** EXERCISE INSTRUCTIONS **
Every entry here needs to be repeated exactly.

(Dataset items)
___
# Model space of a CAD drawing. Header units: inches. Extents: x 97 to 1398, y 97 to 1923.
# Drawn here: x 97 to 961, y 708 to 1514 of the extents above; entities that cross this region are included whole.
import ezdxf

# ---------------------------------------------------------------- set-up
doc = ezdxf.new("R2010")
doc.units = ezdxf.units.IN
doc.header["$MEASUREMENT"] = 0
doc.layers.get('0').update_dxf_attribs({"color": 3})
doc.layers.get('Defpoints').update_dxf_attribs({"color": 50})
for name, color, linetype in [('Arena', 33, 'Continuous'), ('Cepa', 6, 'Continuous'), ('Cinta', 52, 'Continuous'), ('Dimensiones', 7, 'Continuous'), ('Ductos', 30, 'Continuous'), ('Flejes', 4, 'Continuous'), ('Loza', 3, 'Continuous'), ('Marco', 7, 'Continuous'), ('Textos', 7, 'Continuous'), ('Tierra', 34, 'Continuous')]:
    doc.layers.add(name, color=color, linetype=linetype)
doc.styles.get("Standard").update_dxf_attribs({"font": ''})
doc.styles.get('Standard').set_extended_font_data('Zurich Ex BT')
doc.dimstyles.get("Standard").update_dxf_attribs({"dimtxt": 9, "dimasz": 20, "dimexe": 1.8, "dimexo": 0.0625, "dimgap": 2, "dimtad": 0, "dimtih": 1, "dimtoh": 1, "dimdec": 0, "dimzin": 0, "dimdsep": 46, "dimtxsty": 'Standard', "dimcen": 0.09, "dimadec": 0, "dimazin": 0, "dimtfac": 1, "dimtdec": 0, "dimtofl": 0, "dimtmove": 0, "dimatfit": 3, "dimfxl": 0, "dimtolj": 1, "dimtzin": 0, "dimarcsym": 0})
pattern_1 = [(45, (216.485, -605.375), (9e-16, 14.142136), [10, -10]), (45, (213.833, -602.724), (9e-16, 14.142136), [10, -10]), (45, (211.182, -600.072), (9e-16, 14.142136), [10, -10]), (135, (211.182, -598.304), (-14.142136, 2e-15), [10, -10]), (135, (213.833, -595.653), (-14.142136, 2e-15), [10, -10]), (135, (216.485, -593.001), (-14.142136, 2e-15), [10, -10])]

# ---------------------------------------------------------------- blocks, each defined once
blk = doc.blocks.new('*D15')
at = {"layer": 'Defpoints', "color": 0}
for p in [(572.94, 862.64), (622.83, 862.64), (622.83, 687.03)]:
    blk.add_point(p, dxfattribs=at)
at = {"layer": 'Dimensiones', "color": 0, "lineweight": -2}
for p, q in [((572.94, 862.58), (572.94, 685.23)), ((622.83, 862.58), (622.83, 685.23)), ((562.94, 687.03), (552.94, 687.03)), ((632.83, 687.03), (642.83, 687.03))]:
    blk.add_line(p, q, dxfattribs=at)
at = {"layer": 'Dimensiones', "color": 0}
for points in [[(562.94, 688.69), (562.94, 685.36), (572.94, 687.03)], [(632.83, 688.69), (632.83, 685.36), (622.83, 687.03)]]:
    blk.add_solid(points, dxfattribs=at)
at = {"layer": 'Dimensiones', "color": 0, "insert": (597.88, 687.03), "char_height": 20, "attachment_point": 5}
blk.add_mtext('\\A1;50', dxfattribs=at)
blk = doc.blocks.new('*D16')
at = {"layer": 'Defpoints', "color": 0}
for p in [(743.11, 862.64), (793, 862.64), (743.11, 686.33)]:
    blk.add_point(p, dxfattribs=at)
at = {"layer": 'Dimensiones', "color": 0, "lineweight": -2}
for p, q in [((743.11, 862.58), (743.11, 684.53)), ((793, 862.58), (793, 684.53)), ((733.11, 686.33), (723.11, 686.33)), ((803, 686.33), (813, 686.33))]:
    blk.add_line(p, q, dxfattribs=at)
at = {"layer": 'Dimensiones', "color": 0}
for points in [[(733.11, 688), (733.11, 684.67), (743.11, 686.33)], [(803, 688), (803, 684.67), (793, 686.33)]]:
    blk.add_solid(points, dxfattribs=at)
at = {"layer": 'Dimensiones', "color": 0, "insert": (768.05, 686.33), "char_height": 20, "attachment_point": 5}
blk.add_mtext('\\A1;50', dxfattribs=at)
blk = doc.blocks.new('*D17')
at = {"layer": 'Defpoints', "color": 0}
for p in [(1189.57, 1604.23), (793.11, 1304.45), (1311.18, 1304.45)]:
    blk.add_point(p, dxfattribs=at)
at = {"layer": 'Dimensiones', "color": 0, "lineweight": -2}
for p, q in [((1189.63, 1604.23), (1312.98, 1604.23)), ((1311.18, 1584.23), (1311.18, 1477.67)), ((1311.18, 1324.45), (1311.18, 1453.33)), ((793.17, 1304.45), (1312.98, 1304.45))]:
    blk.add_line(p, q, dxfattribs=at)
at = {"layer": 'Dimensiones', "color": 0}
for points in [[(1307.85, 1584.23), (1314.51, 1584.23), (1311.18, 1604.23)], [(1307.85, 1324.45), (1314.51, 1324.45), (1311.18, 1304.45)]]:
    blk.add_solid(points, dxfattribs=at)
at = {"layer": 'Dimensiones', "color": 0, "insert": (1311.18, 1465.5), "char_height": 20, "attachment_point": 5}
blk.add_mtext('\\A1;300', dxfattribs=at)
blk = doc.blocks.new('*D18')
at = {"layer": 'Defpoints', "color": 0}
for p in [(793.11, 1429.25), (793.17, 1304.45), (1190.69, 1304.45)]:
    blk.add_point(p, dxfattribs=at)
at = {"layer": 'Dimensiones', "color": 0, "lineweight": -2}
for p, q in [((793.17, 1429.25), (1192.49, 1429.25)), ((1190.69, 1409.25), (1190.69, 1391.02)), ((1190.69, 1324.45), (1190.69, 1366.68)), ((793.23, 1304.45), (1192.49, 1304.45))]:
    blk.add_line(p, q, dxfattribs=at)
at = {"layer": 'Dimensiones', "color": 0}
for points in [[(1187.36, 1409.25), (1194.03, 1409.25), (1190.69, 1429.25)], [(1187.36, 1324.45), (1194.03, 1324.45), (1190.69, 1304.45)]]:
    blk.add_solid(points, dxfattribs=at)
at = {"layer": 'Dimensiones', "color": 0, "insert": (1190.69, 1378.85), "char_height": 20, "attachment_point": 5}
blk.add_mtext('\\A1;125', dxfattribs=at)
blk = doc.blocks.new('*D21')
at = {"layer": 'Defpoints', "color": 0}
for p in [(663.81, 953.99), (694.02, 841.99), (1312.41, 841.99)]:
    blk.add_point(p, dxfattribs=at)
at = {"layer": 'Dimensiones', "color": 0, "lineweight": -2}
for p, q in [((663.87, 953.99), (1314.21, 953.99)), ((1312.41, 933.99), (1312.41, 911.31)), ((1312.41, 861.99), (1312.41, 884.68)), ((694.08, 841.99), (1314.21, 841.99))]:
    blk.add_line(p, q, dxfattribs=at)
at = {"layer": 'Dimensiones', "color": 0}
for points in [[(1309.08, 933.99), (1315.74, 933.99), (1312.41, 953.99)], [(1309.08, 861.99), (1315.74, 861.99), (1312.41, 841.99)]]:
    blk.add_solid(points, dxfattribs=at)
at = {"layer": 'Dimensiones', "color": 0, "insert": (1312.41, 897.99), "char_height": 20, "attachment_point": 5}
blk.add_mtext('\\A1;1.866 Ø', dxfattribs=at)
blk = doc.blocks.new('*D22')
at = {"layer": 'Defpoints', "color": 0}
___
** OUTPUT FOR THIS EXERCISE **
# Model space of a CAD drawing. Header units: inches. Extents: x 97 to 1398, y 97 to 1923.
# Drawn here: x 97 to 961, y 708 to 1514 of the extents above; entities that cross this region are included whole.
import ezdxf

# ---------------------------------------------------------------- set-up
doc = ezdxf.new("R2010")
doc.units = ezdxf.units.IN
doc.header["$MEASUREMENT"] = 0
doc.layers.get('0').update_dxf_attribs({"color": 3})
doc.layers.get('Defpoints').update_dxf_attribs({"color": 50})
for name, color, linetype in [('Arena', 33, 'Continuous'), ('Cepa', 6, 'Continuous'), ('Cinta', 52, 'Continuous'), ('Dimensiones', 7, 'Continuous'), ('Ductos', 30, 'Continuous'), ('Flejes', 4, 'Continuous'), ('Loza', 3, 'Continuous'), ('Marco', 7, 'Continuous'), ('Textos', 7, 'Continuous'), ('Tierra', 34, 'Continuous')]:
    doc.layers.add(name, color=color, linetype=linetype)
doc.styles.get("Standard").update_dxf_attribs({"font": ''})
doc.styles.get('Standard').set_extended_font_data('Zurich Ex BT')
doc.dimstyles.get("Standard").update_dxf_attribs({"dimtxt": 9, "dimasz": 20, "dimexe": 1.8, "dimexo": 0.0625, "dimgap": 2, "dimtad": 0, "dimtih": 1, "dimtoh": 1, "dimdec": 0, "dimzin": 0, "dimdsep": 46, "dimtxsty": 'Standard', "dimcen": 0.09, "dimadec": 0, "dimazin": 0, "dimtfac": 1, "dimtdec": 0, "dimtofl": 0, "dimtmove": 0, "dimatfit": 3, "dimfxl": 0, "dimtolj": 1, "dimtzin": 0, "dimarcsym": 0})
pattern_1 = [(45, (216.485, -605.375), (9e-16, 14.142136), [10, -10]), (45, (213.833, -602.724), (9e-16, 14.142136), [10, -10]), (45, (211.182, -600.072), (9e-16, 14.142136), [10, -10]), (135, (211.182, -598.304), (-14.142136, 2e-15), [10, -10]), (135, (213.833, -595.653), (-14.142136, 2e-15), [10, -10]), (135, (216.485, -593.001), (-14.142136, 2e-15), [10, -10])]

# ---------------------------------------------------------------- blocks, each defined once
blk = doc.blocks.new('*D15')
at = {"layer": 'Defpoints', "color": 0}
for p in [(572.94, 862.64), (622.83, 862.64), (622.83, 687.03)]:
    blk.add_point(p, dxfattribs=at)
at = {"layer": 'Dimensiones', "color": 0, "lineweight": -2}
for p, q in [((572.94, 862.58), (572.94, 685.23)), ((622.83, 862.58), (622.83, 685.23)), ((562.94, 687.03), (552.94, 687.03)), ((632.83, 687.03), (642.83, 687.03))]:
    blk.add_line(p, q, dxfattribs=at)
at = {"layer": 'Dimensiones', "color": 0}
for points in [[(562.94, 688.69), (562.94, 685.36), (572.94, 687.03)], [(632.83, 688.69), (632.83, 685.36), (622.83, 687.03)]]:
    blk.add_solid(points, dxfattribs=at)
at = {"layer": 'Dimensiones', "color": 0, "insert": (597.88, 687.03), "char_height": 20, "attachment_point": 5}
blk.add_mtext('\\A1;50', dxfattribs=at)
blk = doc.blocks.new('*D16')
at = {"layer": 'Defpoints', "color": 0}
for p in [(743.11, 862.64), (793, 862.64), (743.11, 686.33)]:
    blk.add_point(p, dxfattribs=at)
at = {"layer": 'Dimensiones', "color": 0, "lineweight": -2}
for p, q in [((743.11, 862.58), (743.11, 684.53)), ((793, 862.58), (793, 684.53)), ((733.11, 686.33), (723.11, 686.33)), ((803, 686.33), (813, 686.33))]:
    blk.add_line(p, q, dxfattribs=at)
at = {"layer": 'Dimensiones', "color": 0}
for points in [[(733.11, 688), (733.11, 684.67), (743.11, 686.33)], [(803, 688), (803, 684.67), (793, 686.33)]]:
    blk.add_solid(points, dxfattribs=at)
at = {"layer": 'Dimensiones', "color": 0, "insert": (768.05, 686.33), "char_height": 20, "attachment_point": 5}
blk.add_mtext('\\A1;50', dxfattribs=at)
blk = doc.blocks.new('*D17')
at = {"layer": 'Defpoints', "color": 0}
for p in [(1189.57, 1604.23), (793.11, 1304.45), (1311.18, 1304.45)]:
    blk.add_point(p, dxfattribs=at)
at = {"layer": 'Dimensiones', "color": 0, "lineweight": -2}
for p, q in [((1189.63, 1604.23), (1312.98, 1604.23)), ((1311.18, 1584.23), (1311.18, 1477.67)), ((1311.18, 1324.45), (1311.18, 1453.33)), ((793.17, 1304.45), (1312.98, 1304.45))]:
    blk.add_line(p, q, dxfattribs=at)
at = {"layer": 'Dimensiones', "color": 0}
for points in [[(1307.85, 1584.23), (1314.51, 1584.23), (1311.18, 1604.23)], [(1307.85, 1324.45), (1314.51, 1324.45), (1311.18, 1304.45)]]:
    blk.add_solid(points, dxfattribs=at)
at = {"layer": 'Dimensiones', "color": 0, "insert": (1311.18, 1465.5), "char_height": 20, "attachment_point": 5}
blk.add_mtext('\\A1;300', dxfattribs=at)
blk = doc.blocks.new('*D18')
at = {"layer": 'Defpoints', "color": 0}
for p in [(793.11, 1429.25), (793.17, 1304.45), (1190.69, 1304.45)]:
    blk.add_point(p, dxfattribs=at)
at = {"layer": 'Dimensiones', "color": 0, "lineweight": -2}
for p, q in [((793.17, 1429.25), (1192.49, 1429.25)), ((1190.69, 1409.25), (1190.69, 1391.02)), ((1190.69, 1324.45), (1190.69, 1366.68)), ((793.23, 1304.45), (1192.49, 1304.45))]:
    blk.add_line(p, q, dxfattribs=at)
at = {"layer": 'Dimensiones', "color": 0}
for points in [[(1187.36, 1409.25), (1194.03, 1409.25), (1190.69, 1429.25)], [(1187.36, 1324.45), (1194.03, 1324.45), (1190.69, 1304.45)]]:
    blk.add_solid(points, dxfattribs=at)
at = {"layer": 'Dimensiones', "color": 0, "insert": (1190.69, 1378.85), "char_height": 20, "attachment_point": 5}
blk.add_mtext('\\A1;125', dxfattribs=at)
blk = doc.blocks.new('*D21')
at = {"layer": 'Defpoints', "color": 0}
for p in [(663.81, 953.99), (694.02, 841.99), (1312.41, 841.99)]:
    blk.add_point(p, dxfattribs=at)
at = {"layer": 'Dimensiones', "color": 0, "lineweight": -2}
for p, q in [((663.87, 953.99), (1314.21, 953.99)), ((1312.41, 933.99), (1312.41, 911.31)), ((1312.41, 861.99), (1312.41, 884.68)), ((694.08, 841.99), (1314.21, 841.99))]:
    blk.add_line(p, q, dxfattribs=at)
at = {"layer": 'Dimensiones', "color": 0}
for points in [[(1309.08, 933.99), (1315.74, 933.99), (1312.41, 953.99)], [(1309.08, 861.99), (1315.74, 861.99), (1312.41, 841.99)]]:
    blk.add_solid(points, dxfattribs=at)
at = {"layer": 'Dimensiones', "color": 0, "insert": (1312.41, 897.99), "char_height": 20, "attachment_point": 5}
blk.add_mtext('\\A1;1.866 Ø', dxfattribs=at)
blk = doc.blocks.new('*D22')
at = {"layer": 'Defpoints', "color": 0}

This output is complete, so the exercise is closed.